Opera's Endangered Species: the Traditionally Trained Conductor

IT is not surprising that opera has been modernized over the years. Television now dominates our view of entertainment. Technology has radically transformed what we accept as theater. Supersonic flight makes it possible for singers to cross oceans in a few hours. Much of the change has been for the good, but one modernization saddens me: the waning of the traditionally trained opera conductor.

This idea came into focus because of some performances at the Metropolitan Opera - a magnificent Verdi ``Don Carlo'' and a rousing Johann Strauss ``Die Fledermaus.''

My thoughts were triggered by something that happened recently in ``Il Trovatore.'' The Met's artistic director, James Levine, had launched his orchestra into a scene finale at too brisk a clip.

The Azucena, Fiorenza Cossotto (singing what very well may be the final Met performance of her distinguished career), entered at a slightly slower pace. Within no time at all, Mr. Levine had slowed the orchestra down to her tempo.

What was amazing about the moment was that Levine's awareness of the problem and its solution were instant, barely perceptible, and uncommonly smooth.

Of course, this is what makes him such a superb opera conductor. I realized that it was the sort of alertness to every aspect of a performance that was once the norm, yet is fast becoming the exception.

Why is this? In the first half of the century, the great conductors learned their craft in small, out-of-the-way European opera houses, many of which no longer function. Today's crop of budding maestros, however, are taught mainly in conservatories. Where once the training was on-the-job in an opera pit, today it is mostly in front of symphony orchestras.

Levine did not learn his craft in Europe, but rather at the right hand of the late George Szell in Cleveland.
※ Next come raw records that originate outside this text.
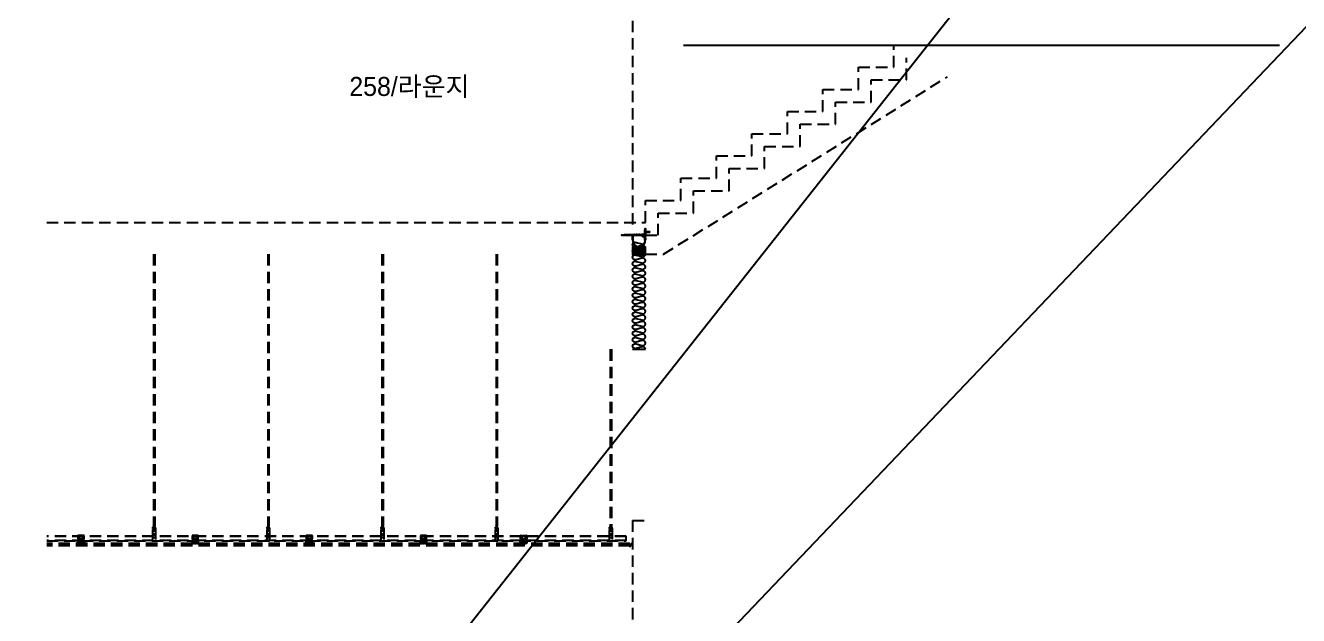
# Model space of a CAD drawing. Header units: millimetres. Extents: x -75040 to 92617, y -36837 to 48530.
# Drawn here: x -1487 to 8550, y 4250 to 8905 of the extents above; entities that cross this region are included whole.
import ezdxf
from ezdxf.enums import TextEntityAlignment as Align

# ---------------------------------------------------------------- set-up
doc = ezdxf.new("R2010")
doc.units = ezdxf.units.MM
doc.header["$LTSCALE"] = 60
doc.linetypes.add('HID', pattern=[2.3, 1.5, -0.8])
doc.linetypes.add('HIDDEN', pattern=[2, 1, -1])
doc.layers.add('#체크사항0208', color=20, linetype='Continuous', plot=False)
doc.layers.add('NOPLOT-TEXT', color=11, linetype='Continuous', plot=False)
for name, color, linetype in [('A-ELE-6', 6, 'Continuous'), ('A-ETC', 7, 'Continuous'), ('A-FIN', 6, 'Continuous'), ('A-HAT-MATL', 8, 'Continuous'), ('SYMB', 7, 'Continuous'), ('인테리어', 253, 'HIDDEN')]:
    doc.layers.add(name, color=color, linetype=linetype)
doc.styles.add('Gtx', font='')
doc.styles.get('Gtx').set_extended_font_data('Dotum')

# ---------------------------------------------------------------- blocks, each defined once
blk = doc.blocks.new('MAJ')
at = {"layer": 'SYMB', "color": 8}
for p, q in [((8, 0), (0, 0)), ((2, -3), (0, 0)), ((4, -1), (4, 0)), ((4, -1), (4, 0)), ((6, -3), (8, 0)), ((2, -3), (2, -38)), ((2, -3), (6, -3)), ((2, -4), (4, -3)), ((2, -4), (2, -4)), ((2, -7), (6, -4)), ((2, -7), (2, -7)), ((2, -9), (6, -7)), ((2, -9), (2, -9)), ((2, -12), (6, -9)), ((2, -14), (6, -12)), ((2, -12), (2, -12)), ((2, -14), (2, -14)), ((2, -17), (6, -14)), ((2, -17), (2, -17)), ((2, -19), (6, -17)), ((2, -19), (2, -19)), ((2, -22), (6, -19)), ((2, -22), (2, -22)), ((2, -24), (6, -22)), ((2, -24), (2, -24)), ((2, -27), (6, -24)), ((2, -29), (6, -27)), ((2, -27), (2, -27)), ((2, -32), (6, -29)), ((2, -29), (2, -29)), ((2, -34), (6, -32)), ((2, -32), (2, -32)), ((2, -34), (2, -34)), ((2, -37), (6, -34)), ((2, -37), (2, -37)), ((2, -38), (4, -40)), ((3, -39), (6, -37)), ((4, -1), (4, -1)), ((4, -40), (6, -38)), ((6, -3), (6, -38)), ((6, -4), (6, -4)), ((6, -7), (6, -7)), ((6, -9), (6, -9)), ((6, -12), (6, -12)), ((6, -14), (6, -14)), ((6, -17), (6, -17)), ((6, -19), (6, -19)), ((6, -22), (6, -22)), ((6, -24), (6, -24)), ((6, -27), (6, -27)), ((6, -29), (6, -29)), ((6, -32), (6, -32)), ((6, -34), (6, -34)), ((6, -37), (6, -37))]:
    blk.add_line(p, q, dxfattribs=at)
blk = doc.blocks.new('EJ-1')
at = {"layer": 'A-ETC'}
h = blk.add_hatch(dxfattribs=at)
h.set_pattern_fill('ANSI37', color=1, scale=40, style=0)
h.set_pattern_definition([(45, (55694.5753, 2117.911), (-3.5355339, 3.5355339), []), (135, (55694.5753, 2117.911), (-3.5355339, -3.5355339), [])])
h.paths.add_polyline_path([(100, -154), (100, -94), (0, -94), (0, -154)])
at = {"layer": 'A-ETC', "color": 4}
for p, q in [((0, -39), (0, -7)), ((0, -7), (3, -14)), ((1, -39), (0, -39)), ((1, -16), (2, -16)), ((1, -37), (1, -16)), ((2, -37), (2, -16)), ((3, -39), (2, -39)), ((3, -39), (3, -14)), ((100, -7), (97, -14)), ((97, -39), (97, -14)), ((97, -39), (98, -39)), ((98, -17), (100, -14)), ((98, -37), (98, -16)), ((99, -16), (98, -16)), ((99, -37), (99, -16)), ((99, -39), (100, -39)), ((100, -39), (100, -7)), ((100, -23), (100, -37))]:
    blk.add_line(p, q, dxfattribs=at)
at = {"layer": 'A-ETC', "color": 7, "lineweight": -3}
blk.add_lwpolyline([(11, 4, 0.414214), (10, 4), (10, 4), (9, 4, 0.414214), (9, 4), (8, 4), (8, 4, 0.414214), (7, 4), (7, 4), (6, 4, 0.414214), (6, 4), (5, 4), (5, 4, 0.414214), (4, 4), (4, 4), (3, 4, 0.414214), (3, 4), (2, 4), (2, 4, 0.414214), (1, 4), (1, 4), (0, 4, 0.414214), (0, 4), (-1, 4), (-1, 4, 0.414214), (-2, 4), (-2, 4), (-3, 4, 0.414214), (-3, 4), (-4, 4), (-4, 4, 0.414214), (-5, 4), (-5, 4), (-6, 4, 0.414214), (-6, 4), (-7, 4), (-7, 4, 0.414214), (-8, 4), (-8, 4), (-9, 4, 0.414214), (-9, 4), (-10, 4), (-10, 4, 0.414214), (-11, 4), (-11, 4), (-12, 4, 0.414214), (-12, 4), (-13, 4), (-13, 4, 0.414214), (-14, 4), (-14, 4), (-15, 4, 0.414214), (-15, 4), (-16, 4), (-16, 4, 0.414214), (-17, 4), (-17, 4), (-18, 4, 0.414214), (-18, 4), (-19, 4), (-19, 4, 0.414214), (-20, 4), (-20, 4), (-21, 4, 0.414214), (-21, 4), (-22, 4), (-22, 4, 0.414214), (-23, 4), (-23, 4), (-24, 4, 0.414214), (-24, 4), (-25, 4), (-25, 4, 0.414214), (-26, 4), (-26, 4), (-27, 4, 0.414214), (-27, 4), (-28, 4), (-28, 4, 0.414214), (-29, 4), (-29, 4), (-30, 4, 0.414214), (-30, 4), (-31, 4), (-31, 4, 0.414214), (-32, 4), (-32, 4), (-33, 4, 0.414214), (-33, 4), (-34, 4), (-34, 4, 0.414214), (-35, 4), (-35, 4), (-36, 4, 0.414214), (-36, 4), (-37, 4), (-37, 4, 0.414214), (-38, 4), (-38, 4), (-39, 4, 0.414214), (-39, 4), (-40, 4), (-40, 4, 0.414214), (-41, 4), (-41, 3), (-42, 4, 0.414214), (-42, 4), (-43, 3), (-43, 4, 0.414214), (-44, 4), (-44, 3), (-45, 4, 0.414214), (-45, 4), (-46, 3), (-46, 4, 0.414214), (-47, 4), (-47, 3), (-48, 4, 0.414214), (-48, 4), (-49, 3), (-49, 4, 0.414214), (-50, 4), (-50, 3), (-51, 4, 0.414214), (-51, 4), (-52, 3), (-52, 4, 0.414214), (-53, 4), (-53, 3), (-54, 4, 0.414214), (-54, 4), (-55, 3), (-55, 4, 0.414214), (-56, 4), (-56, 3), (-57, 4, 0.414214), (-57, 4), (-58, 3), (-58, 4, 0.414214), (-59, 4), (-59, 3), (-60, 4, 0.414214), (-60, 4), (-61, 3), (-61, 4, 0.414214), (-62, 4), (-62, 3), (-63, 4, 0.414214), (-63, 4), (-64, 3), (-64, 4, 0.414214), (-65, 4), (-65, 3), (-66, 4, 0.414214), (-66, 4), (-67, 3), (-88, 1, 0.980427), (-88, 0), (83, 0, -0.636366), (84, -2, 4.716513), (87, 0, -0.425308), (87, 0), (87, 4, 0.416522), (87, 5), (86, 5), (86, 5, 0.414214), (85, 5), (85, 5), (84, 5, 0.414214), (84, 5), (83, 5), (83, 5, 0.414214), (82, 5), (82, 5), (81, 5, 0.414214), (81, 5), (80, 5), (80, 5, 0.414214), (79, 5), (79, 5), (78, 5, 0.414214), (78, 5), (77, 5), (77, 5, 0.414214), (76, 5), (76, 5), (75, 5, 0.414214), (75, 5), (74, 5), (74, 5, 0.414214), (73, 5), (73, 4), (72, 5, 0.414214), (72, 5), (71, 4), (71, 5, 0.414214), (70, 5), (70, 4), (69, 5, 0.414214), (69, 5), (68, 4), (68, 5, 0.414214), (67, 5), (67, 4), (66, 5, 0.414214), (66, 5), (65, 4), (65, 5, 0.414214), (64, 5), (64, 4), (63, 5, 0.414214), (63, 5), (62, 4), (62, 5, 0.414214), (61, 5), (61, 4), (60, 5, 0.414214), (60, 5), (59, 4), (59, 5, 0.414214), (58, 5), (58, 4), (57, 5, 0.414214), (57, 5), (56, 4), (56, 5, 0.414214), (55, 5), (55, 4), (54, 5, 0.414214), (54, 5), (53, 4), (53, 5, 0.414214), (52, 5), (52, 4), (51, 5, 0.414214), (51, 5), (50, 4), (50, 5, 0.414214), (49, 5), (49, 4), (48, 5, 0.414214), (48, 5), (47, 4), (47, 5, 0.414214), (46, 5), (46, 4), (45, 5, 0.414214), (45, 5), (44, 4), (44, 5, 0.414214), (43, 5), (43, 4), (42, 5, 0.414214), (42, 5), (41, 4), (41, 5, 0.414214), (40, 5), (40, 4), (39, 5, 0.414214), (39, 5), (38, 4), (38, 5, 0.414214), (37, 5), (37, 4), (36, 5, 0.414214), (36, 5), (35, 4), (35, 5, 0.414214), (34, 5), (34, 4), (33, 5, 0.414214), (33, 5), (32, 4), (32, 5, 0.414214), (31, 5), (31, 4), (30, 5, 0.414214), (30, 5), (29, 4), (29, 5, 0.414214), (28, 5), (28, 4), (27, 5, 0.414214), (27, 5), (26, 4), (26, 5, 0.414214), (25, 5), (25, 4), (24, 5, 0.414214), (24, 5), (23, 4), (23, 5, 0.414214), (22, 5), (22, 4), (21, 5, 0.414214), (21, 5), (20, 4), (20, 5, 0.414214), (19, 5), (19, 4), (18, 5, 0.414214), (18, 5), (17, 4), (17, 5, 0.414214), (16, 5), (16, 4), (15, 5, 0.414214), (15, 5), (14, 4), (14, 5, 0.414214), (13, 5), (13, 4), (12, 5, 0.414214), (12, 5), (11, 4)], format="xyb", close=True, dxfattribs=at)
at = {"layer": 'A-ETC', "color": 7}
blk.add_lwpolyline([(100, 53), (100, 0, 0.414214), (98, -2), (98, -5, -1.043094), (77, -4, -0.306526), (77, -4), (83, -2, -0.679013), (83, -3, 3.305036), (88, 0, -0.378643), (88, 0), (88, 4), (97, 4), (97, 26), (98, 27), (97, 27), (97, 37), (99, 53, -0.956504), (100, 53)], format="xyb", dxfattribs=at)
at = {"layer": 'A-ETC', "color": 1}
blk.add_lwpolyline([(100, -154), (100, -94), (0, -94), (0, -154), (100, -154)], dxfattribs=at)
at = {"layer": 'A-ETC', "color": 4}
for radius, start, end in [(49.2, 174.3019, 5.6981), (48.3, 174.0958, 5.9042)]:
    blk.add_arc((50, -42), radius, start, end, dxfattribs=at)
at = {"layer": 'A-ETC', "color": 7, "rotation": 90}
blk.add_blockref('MAJ', (97, 23), dxfattribs=at)

msp = doc.modelspace()

# ---------------------------------------------------------------- linework, layer by layer
at = {"layer": '#체크사항0208'}
msp.add_lwpolyline([(14319.1, 14886.8), (-8188.8, -8731.3), (11032.7, 15595.5)], dxfattribs=at)
at = {"layer": 'A-ELE-6', "linetype": 'HID'}
for p, q in [((3543, 7100), (5783, 8500)), ((3400, 7250), (3500, 7250)), ((3400, 7100), (3543, 7100))]:
    msp.add_line(p, q, dxfattribs=at)
for points in [[(3400, 7350), (3400, 7525), (3680, 7525), (3680, 7700), (3960, 7700), (3960, 7875), (4240, 7875), (4240, 8050), (4520, 8050), (4520, 8225), (4800, 8225), (4800, 8400), (5080, 8400), (5080.5, 8575), (5360, 8575), (5360, 8750)], [(3500, 7250), (3500, 7425), (3780, 7425), (3780, 7600), (4060, 7600), (4060, 7775), (4340, 7775), (4340, 7950), (4620, 7950), (4620, 8125), (4900, 8125), (4900, 8300), (5179.7, 8300), (5180.2, 8475), (5460, 8475), (5460, 8650)]]:
    msp.add_lwpolyline(points, dxfattribs=at)
at = {"layer": 'A-FIN'}
for p, q in [((3700, 8750), (8400, 8750)), ((3350, 6350), (3400, 6350))]:
    msp.add_line(p, q, dxfattribs=at)
at = {"layer": 'A-HAT-MATL'}
msp.add_line((3300, 6350), (3400, 6350), dxfattribs=at)
msp.add_lwpolyline([(3400, 6350, 0.5248557), (3372.9, 6368.7), (3327.1, 6356.3, -1.4491979), (3327.1, 6393.7), (3372.9, 6381.3, 0.5248557), (3400, 6400, 0.5248557), (3372.9, 6418.7), (3327.1, 6406.3, -1.4491979), (3327.1, 6443.7), (3372.9, 6431.3, 0.5248557), (3400, 6450, 0.5248557), (3372.9, 6468.7), (3327.1, 6456.3, -1.4491979), (3327.1, 6493.7), (3372.9, 6481.3, 0.5248557), (3400, 6500, 0.5248557), (3372.9, 6518.7), (3327.1, 6506.3, -1.4491979), (3327.1, 6543.7), (3372.9, 6531.3, 0.5248557), (3400, 6550, 0.5248557), (3372.9, 6568.7), (3327.1, 6556.3, -1.4491979), (3327.1, 6593.7), (3372.9, 6581.3, 0.5248557), (3400, 6600, 0.5248557), (3372.9, 6618.7), (3327.1, 6606.3, -1.4491979), (3327.1, 6643.7), (3372.9, 6631.3, 0.5248557), (3400, 6650, 0.5248557), (3372.9, 6668.7), (3327.1, 6656.3, -1.4491979), (3327.1, 6693.7), (3372.9, 6681.3, 0.5248557), (3400, 6700, 0.5248557), (3372.9, 6718.7), (3327.1, 6706.3, -1.4491979), (3327.1, 6743.7), (3372.9, 6731.3, 0.5248557), (3400, 6750, 0.5248557), (3372.9, 6768.7), (3327.1, 6756.3, -1.4491979), (3327.1, 6793.7), (3372.9, 6781.3, 0.5248557), (3400, 6800, 0.5248557), (3372.9, 6818.7), (3327.1, 6806.3, -1.4491979), (3327.1, 6843.7), (3372.9, 6831.3, 0.5248557), (3400, 6850, 0.5248557), (3372.9, 6868.7), (3327.1, 6856.3, -1.4491979), (3327.1, 6893.7), (3372.9, 6881.3, 0.5248557), (3400, 6900, 0.5248557), (3372.9, 6918.7), (3327.1, 6906.3, -1.4491979), (3327.1, 6943.7), (3372.9, 6931.3, 0.5248557), (3400, 6950, 0.5248557), (3372.9, 6968.7), (3327.1, 6956.3, -1.4491979), (3327.1, 6993.7), (3372.9, 6981.3, 0.5248557), (3400, 7000, 0.5248557), (3372.9, 7018.7), (3327.1, 7006.3, -1.4491979), (3327.1, 7043.7), (3372.9, 7031.3, 0.5248557), (3400, 7050, 0.5248557), (3372.9, 7068.7), (3327.1, 7056.3, -1.4491979), (3327.1, 7093.7), (3372.9, 7081.3, 0.5248557), (3400, 7100, 0.5248557), (3372.9, 7118.7), (3327.1, 7106.3, -1.4491979), (3327.1, 7143.7), (3372.9, 7131.3, 0.5248557), (3400, 7150, 0.5248557), (3372.9, 7168.7), (3327.1, 7156.3, -1.4491979), (3327.1, 7193.7), (3372.9, 7181.3, 0.4563565), (3399.5, 7195.6)], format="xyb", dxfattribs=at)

Mr. Szell had been a formidable opera man, though he rarely ventured into the genre in the last two decades of his life. Levine also grew up absorbed in opera. In fact, few musicians can talk about operatic traditions and the singers who exemplified them with such specific knowledge and insight. And he applies them in the opera house, as was so thrillingly the case in the ``Don Carlo.''

Levine has, with one season's exception, been the conductor of this production since it was new in 1979. Yet he has never been more magnificent in this music - Verdi, conducted in a way that is at once vivid and sensitive, grandiose and intimate, majestic and searingly beautiful. His cast rose to the challenges of this epic work with consistent fervor. There were flaws, but no real weaknesses.

RUGGERO RAIMONDI'S bass may lack sheer beauty and the requisite strength in the low register, but he presented the tortured Philip II tellingly.

Tatiana Troyanos made a fiery, proud Eboli. Margaret Price is an imaginative, communicative actress, and her soprano is a thing of extravagant beauty. Thus, much of her Elisabetta was haunting, though the uppermost notes in her range no longer match the rest of the instrument, and often mar her otherwise splendid impact.

The biggest surprises of the evening were tenor Neil Shicoff and baritone Bernd Weikl as Carlo and Posa, respectively. Mr. Shicoff, in peak form, not only sang like the star he is - such a thrilling throb in the sound, such a ring in the high notes, such awareness of style and phrasing - but acted with a rare simplicity and effectiveness.

Mr. Weikl's burnished, sumptuous baritone filled out Posa's music with unforgettable presence and eloquence, and he showed us the soldier ill-at-ease mingling with royalty. In short, he proved a magnificent Verdian. The two interacted histrionically and vocally with rare impact.

In all, this was the Met in its grandest glory, and the best ``Don Carlo'' I have ever heard.

The Met also did well by its revival of ``Die Fledermaus,'' after two terrible misfire years. Why? Because in chosing veteran conductor Julius Rudel, the house ensured that the score would finally be conducted with respect and panache. The Waltz King has rarely been better served, and the Met orchestra, so glorious in Verdi, was all froth and airiness here.

The cast was excellent, from Barbara Daniels's dazzling star-turn as Rosalinda and Haken Hagagard's suave and elegant Eisenstein to Barbara Bonney's lively, amusing Adele, Neil Rosenshein's droll Italian-tenor parody as Alfred, Troyanos's Orlofsky, and Dale Duesing's stalwart Falke.

The dialogue was severely cut (thank goodness!), and, thanks to inspired singing and conducting, this ``Fledermaus'' took wing.